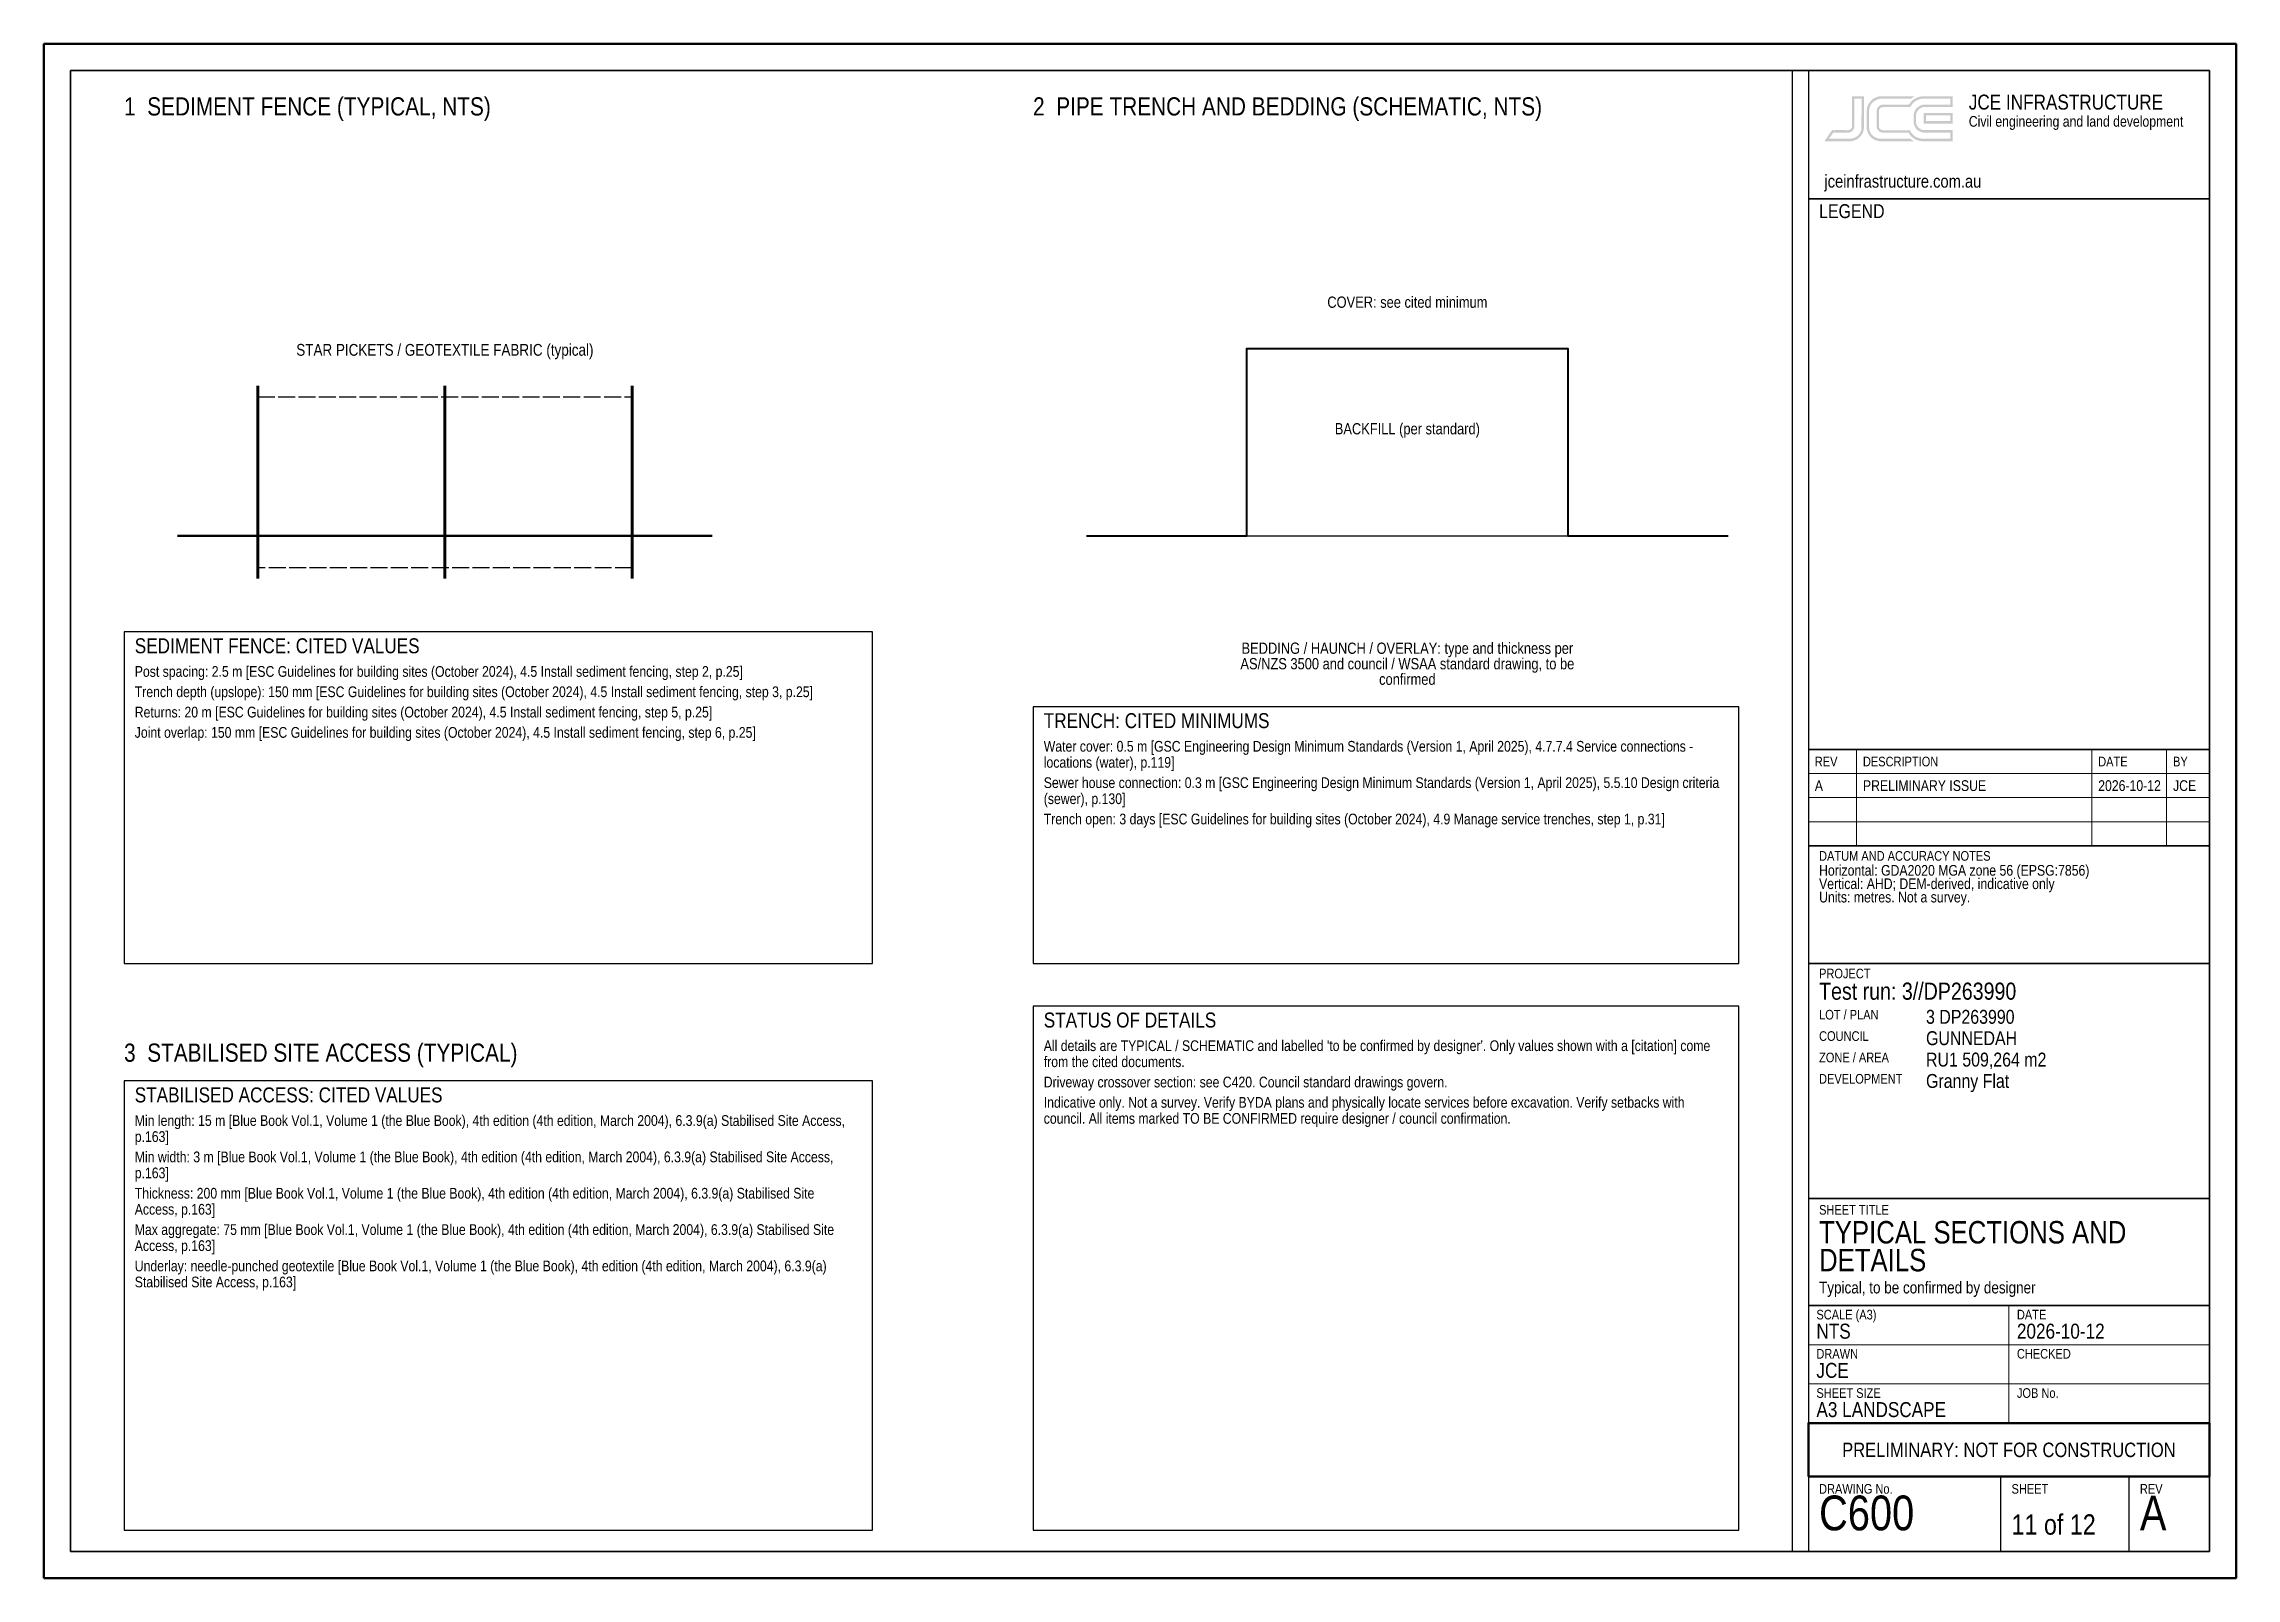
# Paper-space layout 'C600' of a CAD drawing. Header units: metres, sheet in millimetres. Extents: x 5 to 415, y 5 to 292.
import ezdxf
from ezdxf.enums import TextEntityAlignment as Align

# ---------------------------------------------------------------- set-up
doc = ezdxf.new("R2010")
doc.units = ezdxf.units.M
doc.header["$LTSCALE"] = 2.5
doc.linetypes.add('DASHED', pattern=[1.524, 1.27, -0.254])
for name, color, linetype, lineweight in [('C-ANNO-LOGO', 2, 'CONTINUOUS', 13), ('C-ANNO-NOTE', 7, 'CONTINUOUS', 18), ('C-ANNO-STMP', 1, 'CONTINUOUS', 35), ('C-ANNO-TABL', 7, 'CONTINUOUS', 18), ('C-ANNO-TTLB', 7, 'CONTINUOUS', 25), ('C-DETL-LINE', 7, 'CONTINUOUS', 25)]:
    doc.layers.add(name, color=color, linetype=linetype, lineweight=lineweight)
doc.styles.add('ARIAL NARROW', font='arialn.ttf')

──────

> **Work to complete**
An exact copy of the entries, minus the pictures, is what to return.

> **Result for this exercise**
# Paper-space layout 'C600' of a CAD drawing. Header units: metres, sheet in millimetres. Extents: x 5 to 415, y 5 to 292.
import ezdxf
from ezdxf.enums import TextEntityAlignment as Align

# ---------------------------------------------------------------- set-up
doc = ezdxf.new("R2010")
doc.units = ezdxf.units.M
doc.header["$LTSCALE"] = 2.5
doc.linetypes.add('DASHED', pattern=[1.524, 1.27, -0.254])
for name, color, linetype, lineweight in [('C-ANNO-LOGO', 2, 'CONTINUOUS', 13), ('C-ANNO-NOTE', 7, 'CONTINUOUS', 18), ('C-ANNO-STMP', 1, 'CONTINUOUS', 35), ('C-ANNO-TABL', 7, 'CONTINUOUS', 18), ('C-ANNO-TTLB', 7, 'CONTINUOUS', 25), ('C-DETL-LINE', 7, 'CONTINUOUS', 25)]:
    doc.layers.add(name, color=color, linetype=linetype, lineweight=lineweight)
doc.styles.add('ARIAL NARROW', font='arialn.ttf')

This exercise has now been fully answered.